# Exercise aim
Where a line of the records holds the string "down", copy that line.

# Items from a dataset
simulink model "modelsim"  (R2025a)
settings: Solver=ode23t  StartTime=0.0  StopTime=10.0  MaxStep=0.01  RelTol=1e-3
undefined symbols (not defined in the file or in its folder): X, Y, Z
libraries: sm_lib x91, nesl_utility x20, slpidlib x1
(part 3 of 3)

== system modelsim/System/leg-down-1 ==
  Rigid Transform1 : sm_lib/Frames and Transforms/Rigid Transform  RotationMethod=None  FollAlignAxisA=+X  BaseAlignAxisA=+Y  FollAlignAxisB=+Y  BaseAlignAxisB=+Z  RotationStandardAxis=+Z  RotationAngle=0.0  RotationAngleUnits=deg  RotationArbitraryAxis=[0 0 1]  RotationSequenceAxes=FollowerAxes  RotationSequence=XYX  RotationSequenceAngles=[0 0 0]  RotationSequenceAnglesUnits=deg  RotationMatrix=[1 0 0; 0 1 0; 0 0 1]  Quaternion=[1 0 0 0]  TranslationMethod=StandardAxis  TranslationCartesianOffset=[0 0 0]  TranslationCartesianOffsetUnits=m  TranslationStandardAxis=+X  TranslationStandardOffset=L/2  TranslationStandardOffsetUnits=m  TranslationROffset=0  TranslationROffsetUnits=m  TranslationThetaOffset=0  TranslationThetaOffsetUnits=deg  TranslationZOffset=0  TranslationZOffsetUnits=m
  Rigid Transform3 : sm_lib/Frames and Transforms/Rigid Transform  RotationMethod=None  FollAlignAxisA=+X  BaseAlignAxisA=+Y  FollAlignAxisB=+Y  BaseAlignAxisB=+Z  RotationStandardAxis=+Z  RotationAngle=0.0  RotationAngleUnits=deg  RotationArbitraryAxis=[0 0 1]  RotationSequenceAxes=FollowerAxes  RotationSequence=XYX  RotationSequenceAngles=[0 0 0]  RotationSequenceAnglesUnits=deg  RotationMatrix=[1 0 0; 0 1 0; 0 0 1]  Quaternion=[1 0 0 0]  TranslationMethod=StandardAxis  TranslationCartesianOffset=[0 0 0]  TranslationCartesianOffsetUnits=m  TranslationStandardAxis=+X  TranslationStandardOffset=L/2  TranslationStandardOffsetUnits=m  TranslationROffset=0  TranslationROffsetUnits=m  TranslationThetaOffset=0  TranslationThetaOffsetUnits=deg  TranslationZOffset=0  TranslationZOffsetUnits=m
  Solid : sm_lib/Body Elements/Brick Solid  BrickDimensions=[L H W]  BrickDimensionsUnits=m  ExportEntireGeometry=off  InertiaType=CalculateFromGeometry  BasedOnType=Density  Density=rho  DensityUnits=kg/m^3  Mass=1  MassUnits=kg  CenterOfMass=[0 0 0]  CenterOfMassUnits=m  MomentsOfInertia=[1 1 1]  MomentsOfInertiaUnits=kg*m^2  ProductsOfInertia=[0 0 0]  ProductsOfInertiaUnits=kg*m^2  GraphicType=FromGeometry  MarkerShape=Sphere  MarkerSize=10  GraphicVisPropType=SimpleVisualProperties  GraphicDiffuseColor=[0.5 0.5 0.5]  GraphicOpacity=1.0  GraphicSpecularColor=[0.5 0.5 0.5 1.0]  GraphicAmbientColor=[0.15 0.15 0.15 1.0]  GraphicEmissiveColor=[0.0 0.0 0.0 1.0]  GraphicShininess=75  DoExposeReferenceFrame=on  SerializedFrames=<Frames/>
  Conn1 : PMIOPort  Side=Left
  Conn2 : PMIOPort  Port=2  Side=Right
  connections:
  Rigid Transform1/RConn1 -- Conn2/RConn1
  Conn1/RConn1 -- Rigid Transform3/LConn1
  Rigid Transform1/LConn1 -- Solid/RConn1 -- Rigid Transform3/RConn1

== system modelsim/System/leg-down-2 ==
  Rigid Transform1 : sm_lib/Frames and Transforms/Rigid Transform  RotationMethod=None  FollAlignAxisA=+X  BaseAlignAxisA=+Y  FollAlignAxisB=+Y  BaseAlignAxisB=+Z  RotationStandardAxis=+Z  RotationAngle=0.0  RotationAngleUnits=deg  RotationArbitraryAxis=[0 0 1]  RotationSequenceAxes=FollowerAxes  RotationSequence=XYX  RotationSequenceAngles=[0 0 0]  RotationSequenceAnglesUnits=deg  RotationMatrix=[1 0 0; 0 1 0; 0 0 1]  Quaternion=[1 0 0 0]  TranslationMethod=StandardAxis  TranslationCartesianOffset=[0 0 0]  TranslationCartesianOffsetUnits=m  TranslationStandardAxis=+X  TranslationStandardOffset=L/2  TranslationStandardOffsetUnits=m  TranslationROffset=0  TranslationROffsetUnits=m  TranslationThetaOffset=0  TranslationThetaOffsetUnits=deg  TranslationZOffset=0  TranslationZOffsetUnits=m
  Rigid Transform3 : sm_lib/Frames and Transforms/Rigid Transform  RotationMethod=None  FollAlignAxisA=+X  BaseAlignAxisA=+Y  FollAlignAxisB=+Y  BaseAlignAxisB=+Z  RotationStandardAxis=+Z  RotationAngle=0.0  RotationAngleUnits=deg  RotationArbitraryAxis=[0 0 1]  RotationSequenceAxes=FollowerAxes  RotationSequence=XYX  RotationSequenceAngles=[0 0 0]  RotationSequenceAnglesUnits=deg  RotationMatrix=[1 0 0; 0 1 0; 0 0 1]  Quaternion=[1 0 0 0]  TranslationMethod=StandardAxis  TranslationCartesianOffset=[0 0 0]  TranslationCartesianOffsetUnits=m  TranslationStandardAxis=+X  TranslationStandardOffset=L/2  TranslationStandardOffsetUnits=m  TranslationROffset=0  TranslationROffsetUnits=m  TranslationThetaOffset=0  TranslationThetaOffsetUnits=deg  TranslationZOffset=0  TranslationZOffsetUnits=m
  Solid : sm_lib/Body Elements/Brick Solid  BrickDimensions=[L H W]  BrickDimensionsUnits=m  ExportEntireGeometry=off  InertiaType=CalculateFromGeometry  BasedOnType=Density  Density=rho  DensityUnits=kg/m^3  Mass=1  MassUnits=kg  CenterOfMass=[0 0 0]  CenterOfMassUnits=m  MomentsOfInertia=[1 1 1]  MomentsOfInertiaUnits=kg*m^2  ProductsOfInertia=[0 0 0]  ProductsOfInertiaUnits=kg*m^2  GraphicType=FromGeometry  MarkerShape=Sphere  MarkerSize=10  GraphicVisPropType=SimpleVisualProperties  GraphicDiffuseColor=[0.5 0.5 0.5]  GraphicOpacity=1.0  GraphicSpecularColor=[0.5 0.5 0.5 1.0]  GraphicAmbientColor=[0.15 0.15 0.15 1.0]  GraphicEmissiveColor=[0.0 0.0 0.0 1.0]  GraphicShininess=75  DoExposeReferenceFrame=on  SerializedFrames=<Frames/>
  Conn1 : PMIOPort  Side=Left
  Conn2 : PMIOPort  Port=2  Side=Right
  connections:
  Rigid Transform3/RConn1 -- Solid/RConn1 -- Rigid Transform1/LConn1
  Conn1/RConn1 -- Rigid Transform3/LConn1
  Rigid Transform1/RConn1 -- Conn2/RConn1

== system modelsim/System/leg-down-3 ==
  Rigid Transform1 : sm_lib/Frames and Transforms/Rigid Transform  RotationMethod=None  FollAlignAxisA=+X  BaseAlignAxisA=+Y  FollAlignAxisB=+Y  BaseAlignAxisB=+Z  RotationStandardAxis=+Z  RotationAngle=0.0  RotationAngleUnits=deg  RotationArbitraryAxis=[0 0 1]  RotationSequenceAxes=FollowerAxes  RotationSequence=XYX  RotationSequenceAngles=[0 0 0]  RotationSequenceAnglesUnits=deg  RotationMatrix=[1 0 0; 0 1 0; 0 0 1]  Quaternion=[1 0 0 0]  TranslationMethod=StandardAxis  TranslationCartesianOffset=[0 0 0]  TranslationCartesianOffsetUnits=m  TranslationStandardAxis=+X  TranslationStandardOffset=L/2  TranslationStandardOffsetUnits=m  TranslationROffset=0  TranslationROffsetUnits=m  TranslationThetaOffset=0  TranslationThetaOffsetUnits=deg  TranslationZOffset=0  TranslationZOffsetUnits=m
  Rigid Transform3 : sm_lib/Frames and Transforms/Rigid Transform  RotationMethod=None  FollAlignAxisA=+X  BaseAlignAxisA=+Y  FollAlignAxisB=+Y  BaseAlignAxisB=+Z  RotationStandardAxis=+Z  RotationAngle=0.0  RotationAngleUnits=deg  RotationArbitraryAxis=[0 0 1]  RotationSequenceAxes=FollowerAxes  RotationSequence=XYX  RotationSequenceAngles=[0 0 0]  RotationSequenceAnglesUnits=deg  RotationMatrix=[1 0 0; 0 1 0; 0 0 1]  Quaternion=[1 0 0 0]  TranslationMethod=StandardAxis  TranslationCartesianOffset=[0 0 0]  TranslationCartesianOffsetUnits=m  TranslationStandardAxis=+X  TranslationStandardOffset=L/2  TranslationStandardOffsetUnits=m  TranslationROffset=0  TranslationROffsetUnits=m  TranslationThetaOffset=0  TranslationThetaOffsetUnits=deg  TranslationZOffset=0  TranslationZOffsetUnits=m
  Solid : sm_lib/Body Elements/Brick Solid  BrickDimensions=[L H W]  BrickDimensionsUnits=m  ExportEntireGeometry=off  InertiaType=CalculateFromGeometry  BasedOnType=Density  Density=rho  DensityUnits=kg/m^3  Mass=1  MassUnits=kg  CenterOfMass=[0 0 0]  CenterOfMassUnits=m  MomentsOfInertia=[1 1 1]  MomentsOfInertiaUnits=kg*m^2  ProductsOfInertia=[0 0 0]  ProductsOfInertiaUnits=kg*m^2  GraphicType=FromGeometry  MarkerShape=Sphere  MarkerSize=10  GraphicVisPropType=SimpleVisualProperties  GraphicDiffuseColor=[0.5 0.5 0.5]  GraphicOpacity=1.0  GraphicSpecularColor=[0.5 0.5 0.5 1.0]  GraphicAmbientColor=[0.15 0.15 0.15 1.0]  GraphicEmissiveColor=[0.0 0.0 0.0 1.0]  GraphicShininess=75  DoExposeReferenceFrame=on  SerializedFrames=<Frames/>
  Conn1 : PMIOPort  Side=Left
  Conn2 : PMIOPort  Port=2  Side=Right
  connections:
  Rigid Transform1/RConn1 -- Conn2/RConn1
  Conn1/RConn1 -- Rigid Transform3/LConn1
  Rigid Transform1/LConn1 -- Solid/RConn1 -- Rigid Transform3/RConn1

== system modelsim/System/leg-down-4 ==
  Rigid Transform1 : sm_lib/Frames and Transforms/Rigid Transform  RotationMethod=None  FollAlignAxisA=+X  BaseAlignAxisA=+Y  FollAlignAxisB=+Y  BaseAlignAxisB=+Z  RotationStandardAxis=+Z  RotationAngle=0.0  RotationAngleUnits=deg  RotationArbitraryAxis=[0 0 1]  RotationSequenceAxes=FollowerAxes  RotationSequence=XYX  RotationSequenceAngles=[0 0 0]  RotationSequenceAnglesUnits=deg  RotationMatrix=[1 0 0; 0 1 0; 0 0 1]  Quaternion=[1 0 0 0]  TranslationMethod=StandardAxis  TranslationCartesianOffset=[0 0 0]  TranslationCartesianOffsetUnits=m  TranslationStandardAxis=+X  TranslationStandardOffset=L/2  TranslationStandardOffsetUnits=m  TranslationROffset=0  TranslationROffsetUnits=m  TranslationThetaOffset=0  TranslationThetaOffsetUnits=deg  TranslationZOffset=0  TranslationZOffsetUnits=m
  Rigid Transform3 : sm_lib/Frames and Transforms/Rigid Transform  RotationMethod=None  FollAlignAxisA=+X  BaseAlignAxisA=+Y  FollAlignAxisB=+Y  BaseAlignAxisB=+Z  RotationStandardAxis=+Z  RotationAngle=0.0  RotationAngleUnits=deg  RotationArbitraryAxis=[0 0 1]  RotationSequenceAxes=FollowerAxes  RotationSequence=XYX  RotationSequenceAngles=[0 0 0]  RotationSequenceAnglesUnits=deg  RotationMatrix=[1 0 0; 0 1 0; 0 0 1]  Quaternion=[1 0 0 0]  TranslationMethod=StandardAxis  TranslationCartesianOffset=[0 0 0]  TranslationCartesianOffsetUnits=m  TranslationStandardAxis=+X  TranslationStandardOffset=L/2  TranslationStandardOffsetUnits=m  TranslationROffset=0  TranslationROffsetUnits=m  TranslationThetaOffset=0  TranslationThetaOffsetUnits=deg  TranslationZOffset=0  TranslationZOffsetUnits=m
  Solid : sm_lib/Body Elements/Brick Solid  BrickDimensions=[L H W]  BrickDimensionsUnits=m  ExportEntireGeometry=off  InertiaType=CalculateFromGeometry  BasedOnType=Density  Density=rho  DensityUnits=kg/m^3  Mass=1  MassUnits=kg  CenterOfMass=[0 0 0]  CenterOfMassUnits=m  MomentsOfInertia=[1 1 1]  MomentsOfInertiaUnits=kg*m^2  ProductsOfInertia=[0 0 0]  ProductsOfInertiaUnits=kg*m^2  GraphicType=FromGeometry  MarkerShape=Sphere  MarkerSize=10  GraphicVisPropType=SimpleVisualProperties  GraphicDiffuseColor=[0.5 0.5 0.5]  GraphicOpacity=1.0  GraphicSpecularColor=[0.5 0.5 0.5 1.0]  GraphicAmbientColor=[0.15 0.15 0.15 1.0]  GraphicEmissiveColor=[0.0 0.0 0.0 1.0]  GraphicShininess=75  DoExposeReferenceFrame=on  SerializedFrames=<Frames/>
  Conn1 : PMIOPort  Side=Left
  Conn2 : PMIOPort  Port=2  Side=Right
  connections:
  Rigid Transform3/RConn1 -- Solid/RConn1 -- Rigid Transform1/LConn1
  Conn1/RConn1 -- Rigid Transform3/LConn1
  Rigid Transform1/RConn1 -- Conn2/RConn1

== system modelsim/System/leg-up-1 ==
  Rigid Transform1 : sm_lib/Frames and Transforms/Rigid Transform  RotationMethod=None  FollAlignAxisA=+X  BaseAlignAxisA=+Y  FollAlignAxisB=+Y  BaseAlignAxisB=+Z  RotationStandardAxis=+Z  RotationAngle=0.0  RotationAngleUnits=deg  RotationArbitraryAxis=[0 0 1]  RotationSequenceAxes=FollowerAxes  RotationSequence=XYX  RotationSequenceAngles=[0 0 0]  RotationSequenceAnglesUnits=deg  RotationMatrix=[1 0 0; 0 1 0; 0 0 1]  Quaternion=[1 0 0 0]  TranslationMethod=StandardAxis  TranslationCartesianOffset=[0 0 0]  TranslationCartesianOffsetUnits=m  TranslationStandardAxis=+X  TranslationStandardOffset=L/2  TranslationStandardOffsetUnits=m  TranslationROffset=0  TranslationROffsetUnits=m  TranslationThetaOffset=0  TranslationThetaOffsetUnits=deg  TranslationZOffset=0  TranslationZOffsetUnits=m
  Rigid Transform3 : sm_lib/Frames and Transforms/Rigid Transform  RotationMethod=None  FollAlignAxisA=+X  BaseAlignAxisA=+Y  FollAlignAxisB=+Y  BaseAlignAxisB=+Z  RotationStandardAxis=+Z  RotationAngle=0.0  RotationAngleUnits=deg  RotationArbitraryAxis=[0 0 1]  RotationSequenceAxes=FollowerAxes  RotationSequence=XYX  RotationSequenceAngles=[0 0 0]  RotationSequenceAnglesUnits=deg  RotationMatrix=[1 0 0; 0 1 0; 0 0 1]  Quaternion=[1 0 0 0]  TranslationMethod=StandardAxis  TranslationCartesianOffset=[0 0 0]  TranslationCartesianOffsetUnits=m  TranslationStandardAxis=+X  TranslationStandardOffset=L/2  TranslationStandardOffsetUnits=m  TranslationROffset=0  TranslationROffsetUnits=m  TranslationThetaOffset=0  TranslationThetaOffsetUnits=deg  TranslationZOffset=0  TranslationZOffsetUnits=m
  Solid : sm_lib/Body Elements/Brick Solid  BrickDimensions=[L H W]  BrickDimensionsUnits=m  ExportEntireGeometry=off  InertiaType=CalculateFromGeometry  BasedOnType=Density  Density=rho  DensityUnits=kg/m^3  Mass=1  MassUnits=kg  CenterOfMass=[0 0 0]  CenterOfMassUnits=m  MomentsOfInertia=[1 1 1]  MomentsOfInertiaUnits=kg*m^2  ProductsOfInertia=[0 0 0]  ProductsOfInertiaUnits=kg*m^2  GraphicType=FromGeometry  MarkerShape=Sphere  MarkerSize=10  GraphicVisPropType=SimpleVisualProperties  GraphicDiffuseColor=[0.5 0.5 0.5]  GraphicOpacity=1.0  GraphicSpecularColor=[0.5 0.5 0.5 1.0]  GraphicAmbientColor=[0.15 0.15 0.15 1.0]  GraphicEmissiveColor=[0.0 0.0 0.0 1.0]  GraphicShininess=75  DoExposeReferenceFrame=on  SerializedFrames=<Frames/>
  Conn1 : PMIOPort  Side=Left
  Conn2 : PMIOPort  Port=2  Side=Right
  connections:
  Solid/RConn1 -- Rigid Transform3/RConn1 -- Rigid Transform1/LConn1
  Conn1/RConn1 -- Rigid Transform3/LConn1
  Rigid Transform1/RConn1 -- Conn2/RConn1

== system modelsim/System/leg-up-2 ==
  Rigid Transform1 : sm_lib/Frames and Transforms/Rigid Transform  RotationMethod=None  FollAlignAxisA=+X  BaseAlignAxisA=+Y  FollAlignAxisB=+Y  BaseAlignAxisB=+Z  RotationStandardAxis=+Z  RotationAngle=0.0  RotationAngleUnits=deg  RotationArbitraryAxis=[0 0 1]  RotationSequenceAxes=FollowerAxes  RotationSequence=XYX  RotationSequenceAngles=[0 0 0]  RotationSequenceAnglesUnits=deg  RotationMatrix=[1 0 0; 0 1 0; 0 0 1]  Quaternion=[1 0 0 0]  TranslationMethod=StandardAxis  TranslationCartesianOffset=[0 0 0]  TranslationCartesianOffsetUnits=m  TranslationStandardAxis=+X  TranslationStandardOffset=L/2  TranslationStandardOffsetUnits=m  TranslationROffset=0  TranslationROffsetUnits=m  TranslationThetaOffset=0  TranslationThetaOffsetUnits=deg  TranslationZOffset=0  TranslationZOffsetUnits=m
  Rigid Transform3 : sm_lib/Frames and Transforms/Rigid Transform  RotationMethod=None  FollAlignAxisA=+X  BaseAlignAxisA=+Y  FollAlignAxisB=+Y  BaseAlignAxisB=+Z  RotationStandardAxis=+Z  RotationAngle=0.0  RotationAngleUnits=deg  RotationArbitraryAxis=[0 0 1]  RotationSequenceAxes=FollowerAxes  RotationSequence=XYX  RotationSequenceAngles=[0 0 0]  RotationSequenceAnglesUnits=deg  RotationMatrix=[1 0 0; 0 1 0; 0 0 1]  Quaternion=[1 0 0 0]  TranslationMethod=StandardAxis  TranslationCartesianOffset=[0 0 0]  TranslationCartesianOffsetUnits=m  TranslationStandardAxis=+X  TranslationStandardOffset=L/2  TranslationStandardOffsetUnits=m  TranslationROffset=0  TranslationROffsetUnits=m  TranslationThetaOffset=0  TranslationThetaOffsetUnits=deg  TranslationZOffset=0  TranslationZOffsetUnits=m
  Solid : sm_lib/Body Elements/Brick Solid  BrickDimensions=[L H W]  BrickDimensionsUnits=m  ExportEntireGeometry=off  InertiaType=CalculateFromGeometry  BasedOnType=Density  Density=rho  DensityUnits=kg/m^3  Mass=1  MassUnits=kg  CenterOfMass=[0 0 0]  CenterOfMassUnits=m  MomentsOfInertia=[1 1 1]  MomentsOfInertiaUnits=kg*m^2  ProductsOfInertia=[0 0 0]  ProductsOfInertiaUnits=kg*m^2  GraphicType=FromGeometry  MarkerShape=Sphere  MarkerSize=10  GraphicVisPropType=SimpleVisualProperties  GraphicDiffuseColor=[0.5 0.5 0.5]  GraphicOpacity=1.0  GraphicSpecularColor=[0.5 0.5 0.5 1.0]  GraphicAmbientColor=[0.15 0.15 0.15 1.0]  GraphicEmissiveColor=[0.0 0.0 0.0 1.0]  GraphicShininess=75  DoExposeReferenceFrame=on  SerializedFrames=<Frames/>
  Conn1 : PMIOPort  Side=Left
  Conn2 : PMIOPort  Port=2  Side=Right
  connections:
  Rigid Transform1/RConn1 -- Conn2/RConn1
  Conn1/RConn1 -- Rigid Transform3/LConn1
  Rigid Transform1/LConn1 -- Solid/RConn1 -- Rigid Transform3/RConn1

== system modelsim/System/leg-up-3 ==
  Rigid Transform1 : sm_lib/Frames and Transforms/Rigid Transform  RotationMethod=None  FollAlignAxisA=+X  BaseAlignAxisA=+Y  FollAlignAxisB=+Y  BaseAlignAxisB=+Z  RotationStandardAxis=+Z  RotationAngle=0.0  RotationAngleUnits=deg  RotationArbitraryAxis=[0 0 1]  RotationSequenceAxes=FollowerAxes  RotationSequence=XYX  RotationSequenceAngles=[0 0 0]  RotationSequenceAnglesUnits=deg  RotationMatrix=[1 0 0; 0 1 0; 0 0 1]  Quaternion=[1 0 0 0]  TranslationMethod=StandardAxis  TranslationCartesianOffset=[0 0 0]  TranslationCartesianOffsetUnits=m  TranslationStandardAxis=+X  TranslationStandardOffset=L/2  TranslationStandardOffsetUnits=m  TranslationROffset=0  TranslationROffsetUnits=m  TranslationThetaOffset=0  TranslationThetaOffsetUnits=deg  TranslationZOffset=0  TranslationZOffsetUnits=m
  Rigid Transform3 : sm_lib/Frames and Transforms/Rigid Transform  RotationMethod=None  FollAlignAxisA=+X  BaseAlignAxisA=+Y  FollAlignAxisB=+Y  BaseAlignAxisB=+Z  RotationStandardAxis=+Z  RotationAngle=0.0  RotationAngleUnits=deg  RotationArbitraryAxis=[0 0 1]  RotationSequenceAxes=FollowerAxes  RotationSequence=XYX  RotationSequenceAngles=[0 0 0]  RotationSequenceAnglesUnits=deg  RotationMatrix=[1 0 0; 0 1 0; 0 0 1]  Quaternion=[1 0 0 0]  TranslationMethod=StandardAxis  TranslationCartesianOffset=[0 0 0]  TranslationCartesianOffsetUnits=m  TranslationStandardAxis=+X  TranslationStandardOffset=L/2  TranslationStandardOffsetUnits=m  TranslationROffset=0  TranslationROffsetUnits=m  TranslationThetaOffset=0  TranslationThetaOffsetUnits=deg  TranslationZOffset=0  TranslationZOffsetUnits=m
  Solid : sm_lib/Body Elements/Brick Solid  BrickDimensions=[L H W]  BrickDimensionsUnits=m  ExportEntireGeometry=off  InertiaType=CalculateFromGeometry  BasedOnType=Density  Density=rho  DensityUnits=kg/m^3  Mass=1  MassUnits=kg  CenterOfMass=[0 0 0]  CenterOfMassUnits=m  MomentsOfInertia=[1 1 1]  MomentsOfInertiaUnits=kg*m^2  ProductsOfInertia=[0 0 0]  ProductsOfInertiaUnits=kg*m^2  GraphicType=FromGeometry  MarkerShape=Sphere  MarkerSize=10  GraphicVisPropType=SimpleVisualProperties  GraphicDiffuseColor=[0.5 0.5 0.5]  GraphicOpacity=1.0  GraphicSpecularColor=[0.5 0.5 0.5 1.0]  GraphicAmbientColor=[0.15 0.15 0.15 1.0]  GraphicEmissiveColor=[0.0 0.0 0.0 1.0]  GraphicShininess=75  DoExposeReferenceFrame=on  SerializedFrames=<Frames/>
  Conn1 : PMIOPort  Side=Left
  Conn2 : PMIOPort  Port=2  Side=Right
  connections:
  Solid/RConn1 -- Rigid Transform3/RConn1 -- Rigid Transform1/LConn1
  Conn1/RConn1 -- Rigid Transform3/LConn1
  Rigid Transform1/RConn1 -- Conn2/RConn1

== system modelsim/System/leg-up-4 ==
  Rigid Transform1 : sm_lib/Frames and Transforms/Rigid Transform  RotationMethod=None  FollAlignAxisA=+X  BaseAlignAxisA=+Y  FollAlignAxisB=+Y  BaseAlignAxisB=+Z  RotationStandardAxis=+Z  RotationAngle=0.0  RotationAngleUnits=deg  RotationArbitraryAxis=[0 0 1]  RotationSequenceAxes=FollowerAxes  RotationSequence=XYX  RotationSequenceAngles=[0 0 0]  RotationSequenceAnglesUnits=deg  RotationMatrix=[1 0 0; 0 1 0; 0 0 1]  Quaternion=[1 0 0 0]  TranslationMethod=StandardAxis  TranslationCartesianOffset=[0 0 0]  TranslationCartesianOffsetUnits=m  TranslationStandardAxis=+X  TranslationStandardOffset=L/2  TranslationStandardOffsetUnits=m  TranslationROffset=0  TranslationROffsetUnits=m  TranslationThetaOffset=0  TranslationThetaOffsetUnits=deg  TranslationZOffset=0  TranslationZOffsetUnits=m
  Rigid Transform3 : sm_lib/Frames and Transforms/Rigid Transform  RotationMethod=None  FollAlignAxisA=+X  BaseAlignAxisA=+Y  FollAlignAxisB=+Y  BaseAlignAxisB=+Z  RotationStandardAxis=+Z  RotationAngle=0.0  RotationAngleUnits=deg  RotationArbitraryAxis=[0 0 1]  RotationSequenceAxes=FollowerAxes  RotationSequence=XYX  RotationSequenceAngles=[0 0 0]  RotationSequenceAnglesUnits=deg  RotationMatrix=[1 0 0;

# Result below
== system modelsim/System/leg-down-1 ==
== system modelsim/System/leg-down-2 ==
== system modelsim/System/leg-down-3 ==
== system modelsim/System/leg-down-4 ==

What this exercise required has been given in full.